Walking back from my ballet class, I came upon a man and a dog, approaching me from the opposite direction. The dog, a large black and white mongrel, seemed to smile at me, and I smiled back. Its owner, a middle-aged man with a salt-and-pepper beard, wearing an anorak, smiled at me as if we knew each other.
‘Hello!’
Did I know him? I didn’t think so, but I said hello back. ‘Your dog smiled at me.’
The dog came up for a sniff, then went up the steps of the nearest house, which I assumed was its home and therefore the home of the anorak man.
‘She’s a smiley dog. Don’t know where she gets it from,’ said the man, smiling.
Aha, I thought, he’s a friendly man, and was immediately on guard.
I’m not averse to chatting with strangers and am often the first one to talk. Glasgow is a chatty place, unlike Edinburgh, and, in that way at least, I fit in. Anorak Man seemed quite pleasant and safe, although as a woman, I instinctively run a security check on random men. You never know, he might have a couple of women chopped up in his freezer or secreted under the floorboards.

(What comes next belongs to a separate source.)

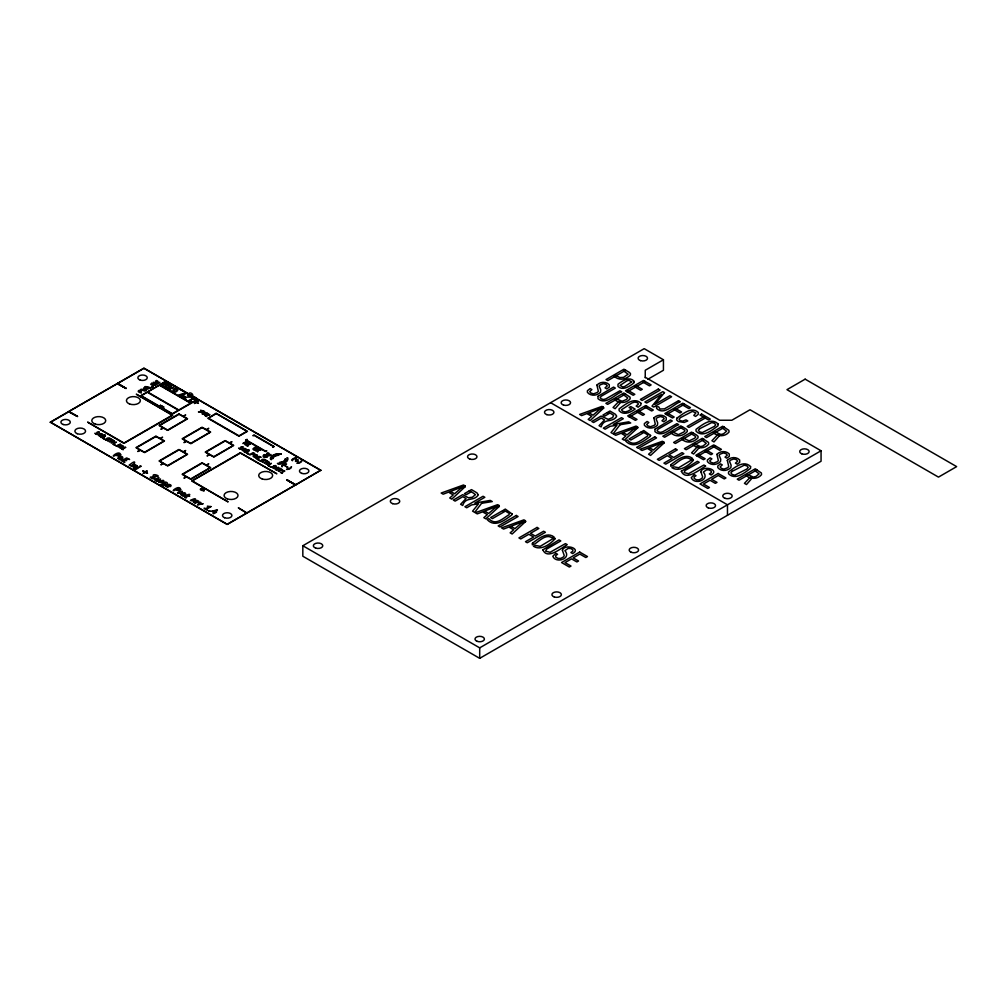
<?xml version="1.0" encoding="UTF-8"?>
<svg xmlns="http://www.w3.org/2000/svg" width="1007" height="1007" viewBox="0 0 1007 1007"><rect width="100%" height="100%" fill="white"/><g stroke="black" fill="none" stroke-linecap="round" stroke-linejoin="round"><path stroke-width="1.5" d="M189.026 395.071C188.007 389.268 197.687 397.236 189.127 394.958M257.817 459.582L260.662 461.118L256.03 458.386L259.315 456.423L261.14 457.392L259.378 456.863L258.396 457.43L259.214 458.122L256.81 458.349L258.019 459.494M238.47 507.994L246.942 513.079L227.204 524.471L50.35 422.16L143.938 368.134L320.792 470.231L295.819 484.858L286.945 480.012L295.479 485.059L286.945 479.81L295.819 484.858M50.35 422.361L68.766 411.737L77.501 416.483L68.766 411.737M69.118 411.322L117.303 383.705L126.039 388.463L117.655 383.302L126.039 388.463M117.655 383.503L143.938 368.335L189.19 394.253M126.039 388.261L117.303 383.705M139.042 391.094L141.043 390.779L140.174 391.748M145.537 387.355L147.538 387.04L146.67 388.01M140.628 392.013C144.857 388.324 132.76 390.917 141.433 393.007M147.123 388.261C157.608 388.639 137.002 383.755 147.928 389.256M238.407 507.83L246.942 513.079M50.35 422.16L227.204 524.269L320.792 470.231M247.294 512.878L295.479 485.059M645.248 377.26L719.715 420.246L731.837 420.246L750.014 409.748L821.057 450.771L821.057 461.256L479.697 658.339L302.83 556.229L302.83 545.744L644.19 348.661L663.437 359.763L663.437 370.261L647.853 379.261M625.221 369.972L623.572 370.928L628.129 374.189L623.522 377.373L619.733 377.562L615.906 375.347L614.257 376.303C619.078 380.923 626.178 379.614 630.407 374.956L630.47 373.509L628.96 372.124L623.937 369.217L606.013 379.576L607.787 380.596L625.712 370.249M663.437 359.763L645.248 370.261L645.248 377.763M626.719 391.522L628.368 390.578L634.838 394.316L633.189 395.26L625.498 390.817L643.423 380.47L651.114 384.913L649.465 385.87L642.995 382.131L644.644 381.175M627.273 391.849L645.197 381.502M624.906 393.624L623.257 394.58L627.751 397.979L626.467 399.502L622.062 401.264L616.208 398.646L614.56 399.603C619.104 403.555 626.216 403.593 630.155 398.81L630.03 397.136L623.811 392.994L605.874 403.341L607.649 404.373L625.586 394.014M628.909 416.646L630.558 415.69L637.028 419.428L635.379 420.372L627.688 415.941L645.613 405.594L653.304 410.025L651.642 410.982L645.172 407.243L646.834 406.299M629.463 416.961L647.388 406.614M666.055 414.242L667.704 413.285L674.174 417.024L672.525 417.981L664.834 413.537L682.759 403.19L690.45 407.621L688.801 408.578L682.331 404.839L683.98 403.895M666.609 414.557L684.533 404.21M682.054 426.628L680.392 427.585L684.219 429.788L684.949 430.845L683.841 432.016L678.378 434.646L672.726 432.003L671.077 432.96C675.898 437.592 682.998 436.27 687.227 431.613L687.29 430.165L685.78 428.781L680.757 425.885L662.833 436.232L664.607 437.252L682.532 426.905M692.829 432.859L691.18 433.803L695.006 436.018L695.736 437.076L694.616 438.246L689.166 440.865L683.514 438.234L681.865 439.19C686.686 443.81 693.785 442.501 698.015 437.831L698.078 436.396L696.567 435.011L691.545 432.104L673.62 442.451L675.395 443.483L693.319 433.136M723.781 426.855L722.132 427.811L726.626 431.21L723.492 433.803L720.936 434.495L715.083 431.877L713.434 432.834C717.978 436.786 725.09 436.824 729.043 432.041L728.904 430.367L722.686 426.225L704.749 436.585L706.524 437.604L724.461 427.245M703.44 438.964L701.778 439.921L706.272 443.319L703.138 445.912L700.582 446.605L694.729 443.986L693.08 444.943C697.637 448.895 704.749 448.933 708.689 444.137L708.55 442.476L702.345 438.322L684.408 448.681L686.182 449.714L704.12 439.354M697.02 455.97L698.682 455.013L705.152 458.751L703.503 459.708L695.812 455.265L713.724 444.918L721.427 449.361L719.766 450.318L713.296 446.579L714.945 445.623M697.587 456.297L715.511 445.937M756.282 469.476L754.633 470.433L759.114 473.831L755.993 476.424L753.437 477.104L747.584 474.498L745.935 475.455C750.479 479.408 757.591 479.445 761.531 474.649L761.405 472.988L755.187 468.834L737.25 479.194L739.025 480.226L756.962 469.866M302.83 545.744L479.697 647.853L821.057 450.771M185.049 396.594C179.057 397.828 190.31 400.723 184.105 398.206A1.297 0.743 0 0 1 184.105 397.45L190.638 396.871L187.352 394.971L189.278 396.594M165.928 381.162L140.678 395.827L172.273 414.053L194.288 401.491L195.736 402.322L194.351 403.517L196.302 402.649L198.429 403.366L196.881 402.322L198.266 401.138L196.302 401.994L194.842 401.151C206.133 398.91 175.784 390.112 196.982 399.502L190.915 402.989L159.773 385.014L165.828 381.515L188.548 394.215M189.127 395.159L190.298 395.096L320.792 470.433M150.597 384.12L153.265 386.172M550.602 402.687L727.469 504.797L727.469 515.294M69.118 411.523L77.438 416.332M139.671 466.757L139.847 465.989L141.27 466.228L133.088 469.375L135.593 469.728L139.658 466.971M479.697 647.853L479.697 658.339M98.296 434.948C100.247 438.209 101.745 433.174 99.844 435.767A1.284 0.743 0 0 1 98.938 435.238L99.051 434.772A2.656 1.536 0 0 1 100.473 433.954C105.534 435.653 99.668 431.651 98.296 434.948M154.071 477.482C143.9 475.115 157.809 482.567 154.436 476.261C165.173 477.608 149.212 471.251 154.071 477.482M160.44 405.292L160.44 406.815L141.232 395.713L147.286 392.214L178.428 410.201L172.373 413.701L161.145 407.218L164.015 407.13L160.44 405.292M165.765 486.117C170.863 490.031 165.085 483.813 170.082 486.658C173.972 484.984 166.155 482.705 165.765 486.117M193.457 502.115C198.53 506.03 192.866 499.85 197.649 502.644C201.815 501.247 194.036 498.553 193.495 502.04M242.032 449.764C243.946 453.012 245.557 448.027 243.581 450.582A1.284 0.743 0 0 1 242.674 450.053L242.788 449.6A2.656 1.536 0 0 1 244.223 448.77C249.27 450.469 243.404 446.466 242.032 449.764M253.928 456.322L255.249 457.077A4.217 2.442 0 0 0 257.188 455.97L255.866 455.202A4.217 2.442 0 0 0 253.928 456.322M272.683 467.147L274.005 467.915A4.217 2.442 0 0 0 275.943 466.795L274.621 466.027A4.217 2.442 0 0 0 272.683 467.147M275.868 469.124C277.957 471.213 283.898 465.347 276.698 470.118C271.11 468.935 283.886 465.083 275.868 469.124M718.067 423.972L718.041 425.734C712.276 430.002 702.748 438.133 696.026 431.147L696.026 429.372C701.816 425.13 711.32 416.961 718.067 423.972M750.567 466.581L750.542 468.343C744.777 472.61 735.248 480.754 728.527 473.756L728.527 471.993C734.317 467.752 743.821 459.582 750.567 466.581M272.947 458.5L272.431 458.777A6.684 3.864 0 0 1 278.989 454.988L278.524 455.29A6.193 3.575 0 0 0 272.947 458.5M285.283 458.902L285.271 459.179A6.193 3.575 0 0 1 279.694 462.402L279.241 462.704A6.684 3.864 0 0 0 285.799 458.915L285.283 458.902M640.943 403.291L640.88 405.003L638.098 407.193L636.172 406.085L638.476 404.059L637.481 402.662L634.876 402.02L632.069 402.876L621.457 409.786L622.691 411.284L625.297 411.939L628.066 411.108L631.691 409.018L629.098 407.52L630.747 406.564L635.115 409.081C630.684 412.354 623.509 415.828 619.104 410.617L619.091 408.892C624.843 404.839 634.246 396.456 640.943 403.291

Also, responding to friendliness by random men can serve as a sort of consent: suddenly you find yourself in the position of having to deal with hurt feelings when you reject advances you interpreted as nothing more than friendly human interaction. In many cases, at the first, mildest whiff of potential interest, I have frozen off conversation with an unknown man because I simply can’t be arsed with the fallout. This is less of an issue now I’m middle-aged, but the man was around my age or a little older. My rusty early warning system emitted a squeak of suspicion.
I expected him to follow the dog up the stairs, but before he could do so, the dog came back down after sniffing at the garden through the railing.
‘Don’t you live there?’ I said.
‘No, I live up there.’ The man pointed up the road. ‘[DOG NAME] has a busy social life. She just needed to check who else has peed there.’
‘Well, that’s her business, I suppose,’ I said. ‘Important to know these things.’
The dog, whose name I now knew, if not the man’s, went on ahead.
We stood smiling at each other out of non-specific, street-level goodwill. The conversation had nowhere else to go at this point, and before it could get awkward, the man said, ‘Nice to meet you!’, although we hadn’t really met, and followed his dog, who knew exactly where she was going.
I said something similar, feeling that the situation required it, and we went our separate ways, still anonymous to each other and yet marked out, like the garden railing.